DATASET EXTRACT section start

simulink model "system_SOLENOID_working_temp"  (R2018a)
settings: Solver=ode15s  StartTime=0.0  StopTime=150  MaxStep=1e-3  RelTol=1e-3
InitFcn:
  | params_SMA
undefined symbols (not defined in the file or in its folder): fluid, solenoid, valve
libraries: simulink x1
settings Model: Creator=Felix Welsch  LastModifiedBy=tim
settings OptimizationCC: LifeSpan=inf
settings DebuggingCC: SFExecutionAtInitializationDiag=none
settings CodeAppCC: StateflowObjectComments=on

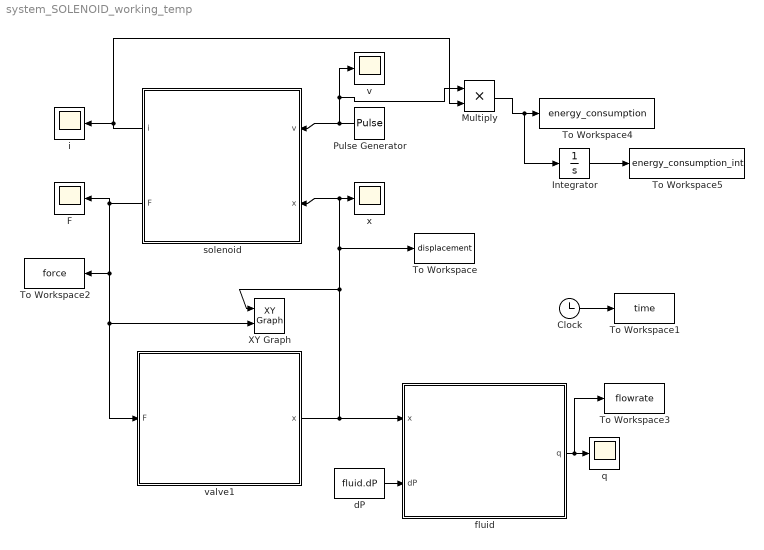
== system system_SOLENOID_working_temp ==
  Clock : Clock
  F : Scope
  Integrator : Integrator
  Multiply : Product
  Pulse Generator : DiscretePulseGenerator  PulseType=Time based  Amplitude=12  Period=10  PulseWidth=50  PhaseDelay=2.5
  To Workspace : ToWorkspace  VariableName=displacement  SampleTime=-1
  To Workspace1 : ToWorkspace  VariableName=time  SampleTime=-1
  To Workspace2 : ToWorkspace  VariableName=force  SampleTime=-1
  To Workspace3 : ToWorkspace  VariableName=flowrate  SampleTime=-1
  To Workspace4 : ToWorkspace  VariableName=energy_consumption  SampleTime=-1
  To Workspace5 : ToWorkspace  VariableName=energy_consumption_int  SampleTime=-1
  XY Graph : simulink/Sinks/XY Graph  xmin=0  xmax=7e-3  ymin=0  ymax=10  st=-1
  dP : Constant  Value=fluid.dP
  fluid : Subsystem
  i : Scope
  q : Scope
  solenoid : Subsystem
  "v " : Scope
  valve1 : Subsystem
  x : Scope
  wires:
  fluid/1(q) -> To Workspace3/1, q/1
  dP/1 -> fluid/2(dP)
  solenoid/1(i) -> Multiply/2, i/1
  Pulse Generator/1 -> solenoid/1(v), Multiply/1, "v "/1
  solenoid/2(F) -> F/1, To Workspace2/1, valve1/1(F), XY Graph/2
  Clock/1 -> To Workspace1/1
  valve1/1(x) -> fluid/1(x), To Workspace/1, x/1, solenoid/2(x), XY Graph/1
  Multiply/1 -> Integrator/1, To Workspace4/1
  Integrator/1 -> To Workspace5/1

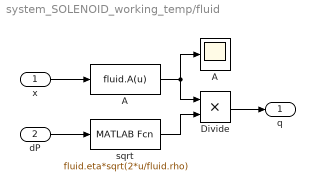
== system system_SOLENOID_working_temp/fluid ==
  x : Inport
  dP : Inport  Port=2
  A : MATLABFcn  MATLABFcn=fluid.A(u)
  "A " : Scope
  Divide : Product  Inputs=**
  sqrt : MATLABFcn  MATLABFcn=fluid.eta*sqrt(2*u/fluid.rho)
  q : Outport
  wires:
  x/1 -> A/1
  dP/1 -> sqrt/1
  A/1 -> "A "/1, Divide/1
  sqrt/1 -> Divide/2
  Divide/1 -> q/1

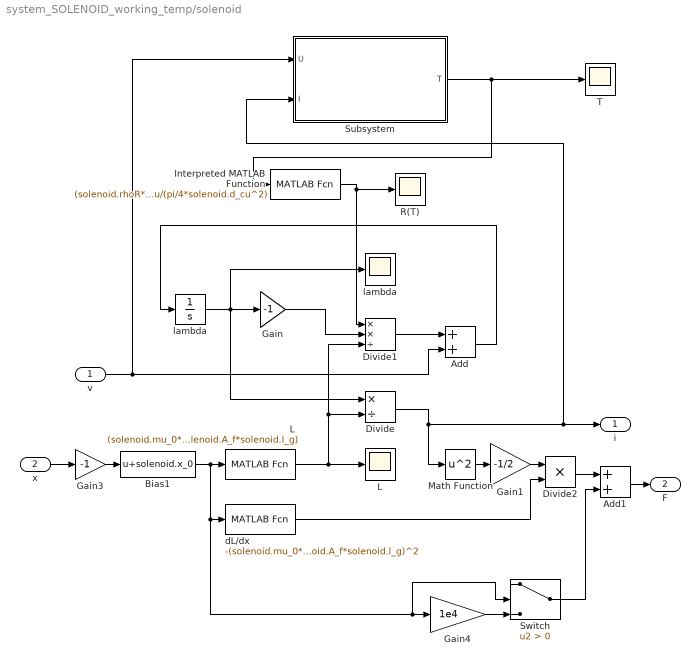
== system system_SOLENOID_working_temp/solenoid ==
  v : Inport
  x : Inport  Port=2
  Add : Sum
  Add1 : Sum
  Bias1 : Bias  Bias=solenoid.x_0
  Divide : Product  Inputs=*/
  Divide1 : Product  Inputs=**/
  Divide2 : Product  Inputs=**
  Gain : Gain  Gain=-1
  Gain1 : Gain  Gain=-1/2
  Gain3 : Gain  Gain=-1
  Gain4 : Gain  Gain=1e4
  Interpreted MATLAB Function : MATLABFcn  MATLABFcn=(solenoid.rhoR*(1+solenoid.alphaR*(u-solenoid.T0R)))*solenoid.l_cu/(pi/4*solenoid.d_cu^2)
  L : MATLABFcn  MATLABFcn=(solenoid.mu_0*solenoid.A_f*solenoid.A_g*solenoid.N^2) / (solenoid.A_g*u+solenoid.A_f*solenoid.l_g)
  "L " : Scope
  Math Function : Math  Operator=square  SaturateOnIntegerOverflow=on
  R(T) : Scope
  Subsystem : Subsystem
  Switch : Switch  Criteria=u2 > Threshold
  T : Scope
  dL/dx : MATLABFcn  MATLABFcn=-(solenoid.mu_0*solenoid.A_f*solenoid.A_g*solenoid.N^2*solenoid.A_g) / (solenoid.A_g*u+solenoid.A_f*solenoid.l_g)^2
  lambda : Integrator
  "lambda " : Scope
  i : Outport
  F : Outport  Port=2
  wires:
  Add/1 -> lambda/1
  Divide1/1 -> Add/1
  Gain1/1 -> Divide2/1
  lambda/1 -> "lambda "/1, Gain/1, Divide/1
  Divide/1 -> Math Function/1, Subsystem/2(I), i/1
  x/1 -> Gain3/1
  L/1 -> "L "/1, Divide1/3, Divide/2
  Math Function/1 -> Gain1/1
  dL/dx/1 -> Divide2/2
  Gain/1 -> Divide1/2
  v/1 -> Subsystem/1(U), Add/2
  Interpreted MATLAB Function/1 -> R(T)/1, Divide1/1
  Gain3/1 -> Bias1/1
  Bias1/1 -> Gain4/1, Switch/2, dL/dx/1, L/1
  Gain4/1 -> Switch/3
  Divide2/1 -> Add1/1
  Switch/1 -> Add1/2
  Add1/1 -> F/1
  Subsystem/1(T) -> Interpreted MATLAB Function/1, T/1

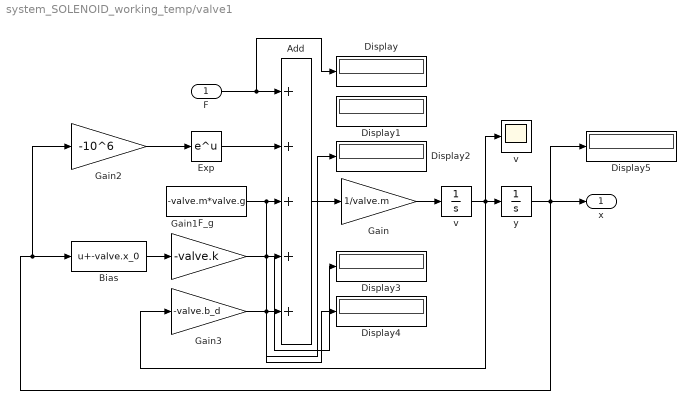
== system system_SOLENOID_working_temp/valve1 ==
  F : Inport
  Add : Sum  Inputs=+++++
  Bias : Bias  Bias=-valve.x_0
  Display{,1..5} (6 alike) : Display
  Exp : Math  SaturateOnIntegerOverflow=on
  F_g : Constant  Value=-valve.m*valve.g
  Gain : Gain  Gain=1/valve.m
  Gain1 : Gain  Gain=-valve.k
  Gain2 : Gain  Gain=-10^6
  Gain3 : Gain  Gain=-valve.b_d
  v : Integrator  InitialCondition=valve.v_0
  "v " : Scope
  y : Integrator  InitialCondition=valve.y_0
  x : Outport
  wires:
  F_g/1 -> Display2/1, Add/3
  y/1 -> Display5/1, x/1, Gain2/1, Bias/1
  v/1 -> "v "/1, Gain3/1, y/1
  Bias/1 -> Gain1/1
  Add/1 -> Gain/1
  Gain/1 -> v/1
  F/1 -> Display/1, Add/1
  Gain1/1 -> Display3/1, Add/4
  Gain3/1 -> Display4/1, Add/5
  Exp/1 -> Add/2
  Gain2/1 -> Exp/1

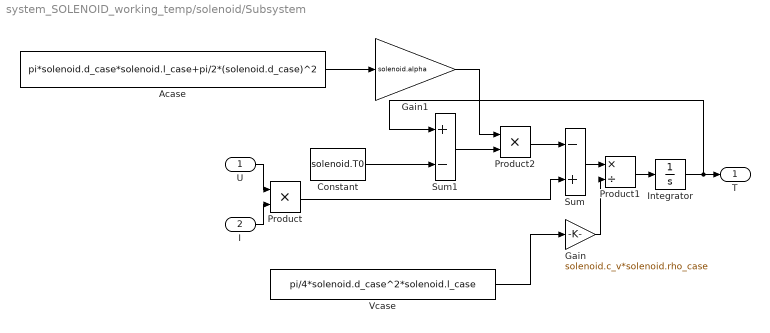
== system system_SOLENOID_working_temp/solenoid/Subsystem ==
  U : Inport
  I : Inport  Port=2
  Acase : Constant  Value=pi*solenoid.d_case*solenoid.l_case+pi/2*(solenoid.d_case)^2
  Constant : Constant  Value=solenoid.T0
  Gain : Gain  Gain=solenoid.c_v*solenoid.rho_case
  Gain1 : Gain  Gain=solenoid.alpha
  Integrator : Integrator  InitialCondition=solenoid.T0
  Product : Product
  Product1 : Product  Inputs=*/
  Product2 : Product
  Sum : Sum  Inputs=-+
  Sum1 : Sum  Inputs=+-
  "Vcase " : Constant  Value=pi/4*solenoid.d_case^2*solenoid.l_case
  T : Outport
  wires:
  Integrator/1 -> Sum1/1, T/1
  I/1 -> Product/2
  U/1 -> Product/1
  Product1/1 -> Integrator/1
  Sum/1 -> Product1/1
  Product/1 -> Sum/2
  "Vcase "/1 -> Gain/1
  Gain/1 -> Product1/2
  Product2/1 -> Sum/1
  Sum1/1 -> Product2/2
  Acase/1 -> Gain1/1
  Gain1/1 -> Product2/1
  Constant/1 -> Sum1/2

DATASET EXTRACT section end

▸ EXERCISE INSTRUCTIONS: The span to give again runs from the line with "Product/1 -> Sum/2" through the last line of the records above; reproduce it exactly and nothing more.

▸ SOLUTION TO THIS PROBLEM:
  Product/1 -> Sum/2
  "Vcase "/1 -> Gain/1
  Gain/1 -> Product1/2
  Product2/1 -> Sum/1
  Sum1/1 -> Product2/2
  Acase/1 -> Gain1/1
  Gain1/1 -> Product2/1
  Constant/1 -> Sum1/2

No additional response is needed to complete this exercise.